Questi giovani autori vengono definiti nell'ultimo capitolo del suo libro, "gli esploratori del magma". Perché?
«Lo strapotere del mercato e dell'industria culturale, la lenta ma inesorabile sparizione delle riviste letterarie e l'appiattimento della lingua letteraria verso la più corriva mimesi del parlato, il ruolo del populismo mediatico, la molteplicità dei linguaggi, rendono sempre più difficile per lo scrittore il tentativo di dare una connotazione forte al proprio ruolo e al proprio lavoro, tra coloro che puntano a un'udienza di massa e chi intende ricomprendere una ricerca letteraria autoreferenziale, c'è forte differenza, meglio questi ultimi che nel magma contemporaneo si pongono come nuovi esploratori di un mondo in continua evoluzione».

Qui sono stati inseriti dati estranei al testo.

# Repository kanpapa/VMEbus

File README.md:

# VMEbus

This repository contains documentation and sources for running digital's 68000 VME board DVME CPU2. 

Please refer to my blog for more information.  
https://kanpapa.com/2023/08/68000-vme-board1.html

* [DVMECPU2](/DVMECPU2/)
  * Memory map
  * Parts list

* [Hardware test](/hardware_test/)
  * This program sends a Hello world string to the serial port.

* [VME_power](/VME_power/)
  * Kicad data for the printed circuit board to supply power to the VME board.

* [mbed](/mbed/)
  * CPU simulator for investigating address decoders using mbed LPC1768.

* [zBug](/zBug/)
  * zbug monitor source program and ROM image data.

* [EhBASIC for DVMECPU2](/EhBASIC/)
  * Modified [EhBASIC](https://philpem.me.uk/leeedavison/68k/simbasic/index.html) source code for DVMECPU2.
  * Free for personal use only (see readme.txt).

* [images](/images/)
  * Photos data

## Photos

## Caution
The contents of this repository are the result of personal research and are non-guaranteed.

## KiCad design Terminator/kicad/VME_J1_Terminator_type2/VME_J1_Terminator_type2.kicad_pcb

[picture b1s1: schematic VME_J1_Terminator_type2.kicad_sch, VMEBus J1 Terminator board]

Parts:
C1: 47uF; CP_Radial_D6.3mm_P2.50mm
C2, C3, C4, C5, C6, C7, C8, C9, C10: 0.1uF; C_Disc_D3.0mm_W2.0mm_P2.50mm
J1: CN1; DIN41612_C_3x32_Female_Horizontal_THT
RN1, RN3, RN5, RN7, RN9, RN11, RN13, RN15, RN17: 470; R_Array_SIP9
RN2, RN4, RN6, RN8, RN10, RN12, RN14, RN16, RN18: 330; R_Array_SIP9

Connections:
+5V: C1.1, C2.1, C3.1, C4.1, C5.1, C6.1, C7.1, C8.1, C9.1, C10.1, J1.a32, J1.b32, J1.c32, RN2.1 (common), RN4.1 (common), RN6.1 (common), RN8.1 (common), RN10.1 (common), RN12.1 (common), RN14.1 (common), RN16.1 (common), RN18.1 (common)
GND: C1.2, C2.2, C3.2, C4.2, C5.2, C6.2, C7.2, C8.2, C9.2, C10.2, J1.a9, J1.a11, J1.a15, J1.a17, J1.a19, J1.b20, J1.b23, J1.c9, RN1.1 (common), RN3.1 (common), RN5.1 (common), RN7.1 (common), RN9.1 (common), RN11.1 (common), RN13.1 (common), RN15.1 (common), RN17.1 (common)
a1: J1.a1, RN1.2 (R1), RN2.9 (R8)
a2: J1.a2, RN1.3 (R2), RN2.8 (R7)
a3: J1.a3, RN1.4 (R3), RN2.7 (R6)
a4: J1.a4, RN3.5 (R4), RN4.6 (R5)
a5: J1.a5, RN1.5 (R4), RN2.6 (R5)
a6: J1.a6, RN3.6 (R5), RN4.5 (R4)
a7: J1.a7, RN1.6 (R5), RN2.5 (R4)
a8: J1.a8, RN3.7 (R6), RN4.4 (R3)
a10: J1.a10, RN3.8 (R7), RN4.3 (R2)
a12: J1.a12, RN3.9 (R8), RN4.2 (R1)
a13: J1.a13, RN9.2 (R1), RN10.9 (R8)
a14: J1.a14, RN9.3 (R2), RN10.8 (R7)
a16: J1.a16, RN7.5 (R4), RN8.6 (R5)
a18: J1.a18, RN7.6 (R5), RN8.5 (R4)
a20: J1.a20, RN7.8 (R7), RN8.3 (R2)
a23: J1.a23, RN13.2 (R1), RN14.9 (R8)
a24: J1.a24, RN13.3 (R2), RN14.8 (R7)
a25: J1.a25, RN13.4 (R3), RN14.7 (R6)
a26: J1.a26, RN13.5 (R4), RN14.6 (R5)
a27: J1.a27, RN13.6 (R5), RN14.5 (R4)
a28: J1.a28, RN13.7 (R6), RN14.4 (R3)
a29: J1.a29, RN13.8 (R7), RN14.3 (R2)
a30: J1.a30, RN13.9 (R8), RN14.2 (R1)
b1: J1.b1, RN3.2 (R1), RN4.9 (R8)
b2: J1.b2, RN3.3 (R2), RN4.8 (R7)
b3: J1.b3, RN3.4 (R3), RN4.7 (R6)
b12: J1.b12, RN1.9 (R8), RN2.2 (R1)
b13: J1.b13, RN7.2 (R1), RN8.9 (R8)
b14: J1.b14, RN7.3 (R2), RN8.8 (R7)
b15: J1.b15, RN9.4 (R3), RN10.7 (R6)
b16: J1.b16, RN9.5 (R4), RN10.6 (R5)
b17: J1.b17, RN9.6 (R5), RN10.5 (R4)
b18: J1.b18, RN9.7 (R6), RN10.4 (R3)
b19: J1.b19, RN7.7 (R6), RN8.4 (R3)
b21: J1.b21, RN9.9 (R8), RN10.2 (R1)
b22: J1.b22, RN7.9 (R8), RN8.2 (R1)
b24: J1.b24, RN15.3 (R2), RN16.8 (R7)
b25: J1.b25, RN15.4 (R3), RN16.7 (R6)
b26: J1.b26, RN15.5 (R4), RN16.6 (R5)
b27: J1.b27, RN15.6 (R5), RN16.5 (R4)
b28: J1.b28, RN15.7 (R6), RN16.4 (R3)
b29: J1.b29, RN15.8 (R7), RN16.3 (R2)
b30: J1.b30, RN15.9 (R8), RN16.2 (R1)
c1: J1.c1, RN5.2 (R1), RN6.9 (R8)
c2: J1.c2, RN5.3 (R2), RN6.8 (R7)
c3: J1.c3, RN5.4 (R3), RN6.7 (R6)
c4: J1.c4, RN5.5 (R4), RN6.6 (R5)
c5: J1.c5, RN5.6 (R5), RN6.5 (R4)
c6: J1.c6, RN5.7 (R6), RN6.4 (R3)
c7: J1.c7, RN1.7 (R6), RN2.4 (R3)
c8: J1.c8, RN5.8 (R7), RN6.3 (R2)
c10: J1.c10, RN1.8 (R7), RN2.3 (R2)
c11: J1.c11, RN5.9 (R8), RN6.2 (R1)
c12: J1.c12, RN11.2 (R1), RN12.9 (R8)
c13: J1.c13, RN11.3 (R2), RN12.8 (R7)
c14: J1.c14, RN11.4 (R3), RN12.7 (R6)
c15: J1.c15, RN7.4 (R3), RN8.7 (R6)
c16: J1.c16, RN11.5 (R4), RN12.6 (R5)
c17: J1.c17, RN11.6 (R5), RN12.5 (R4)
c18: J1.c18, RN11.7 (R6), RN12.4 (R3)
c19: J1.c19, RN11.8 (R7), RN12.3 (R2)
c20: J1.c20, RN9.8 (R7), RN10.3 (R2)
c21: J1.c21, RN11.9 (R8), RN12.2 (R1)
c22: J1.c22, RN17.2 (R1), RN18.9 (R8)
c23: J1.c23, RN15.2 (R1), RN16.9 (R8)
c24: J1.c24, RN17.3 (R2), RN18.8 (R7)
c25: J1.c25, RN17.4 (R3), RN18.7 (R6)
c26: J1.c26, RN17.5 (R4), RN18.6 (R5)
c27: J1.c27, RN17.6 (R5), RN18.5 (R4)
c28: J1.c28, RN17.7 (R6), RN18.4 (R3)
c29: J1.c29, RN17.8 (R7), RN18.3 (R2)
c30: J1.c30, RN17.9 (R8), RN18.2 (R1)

Quali sono stati i momenti più vivi della letteratura del Novecento?
«Tanti elementi hanno caratterizzato il secolo scorso, è bene ricordare il ruolo che hanno avuto i primi anni Venti, che hanno espresso scrittori quali Pirandello e Svevo, i quali hanno dato una svolta alla letteratura italiana. Nel Dopoguerra con il neorealismo, inteso nella sua più ampia complessità, ha avuto luogo una grande ricognizione della realtà italiana dopo un periodo buio quale è stato il fascismo. Scrittori come Luigi Meneghello, Mario Rigoni Stern e Beppe Fenoglio, hanno lanciato segnali profondi per rivisitare l'Italia, preceduti da Cesare Pavese, Elio Vittorini e Vasco Pratolini, che sono stati autori di passaggio dal vecchio al nuovo. Penso poi agli anni Sessanta, un periodo di profondi mutamenti, di grandi trasformazioni sociali, culturali e intellettuali. Ne trae giovamento anche la letteratura con il "Gruppo 63", un movimento assai composito che va ad Alberto Arbasino a Edoardo Sanguineti fino ad Umberto Eco. In quegli anni ha luogo un profondo svecchiamento della forma letteraria. Voglio ricordare le "Lezioni americane" di Italo Calvino, in cui lo scrittore ha percorso, con un'ampiezza di orizzonti e di conoscenze veramente impressionante, la storia della letteratura occidentale, cercando di trarne delle indicazioni per il futuro. Mi chiedo se la proposta di Calvino rappresenti oggi un ponte verso il futuro o piuttosto una retrospettiva sui classici».
Nel 1965, lei scrisse "Scrittori e popolo", un libro complesso e di non facile lettura. Fu comunque un successo…
«In quel libro spiegai che mentre l'Europa esprimeva nel Novecento l'ultima grande fiammata di una letteratura borghese audacemente critica e distruttiva verso il mondo stesso che l'aveva espressa, l'Italia continuava a produrre generazioni di intellettuali ingenuamente fiduciosi nella funzione socialmente rigeneratrice dell'arte e della poesia. Erano gli stessi anni in cui le nuove generazioni scalpitavano per darsi voce con una Neoavanguardia. Mi chiedo come riuscii a scrivere quelle affermazioni a soli 27 anni, e penso che i postulati del volume siano d'interesse anche oggi».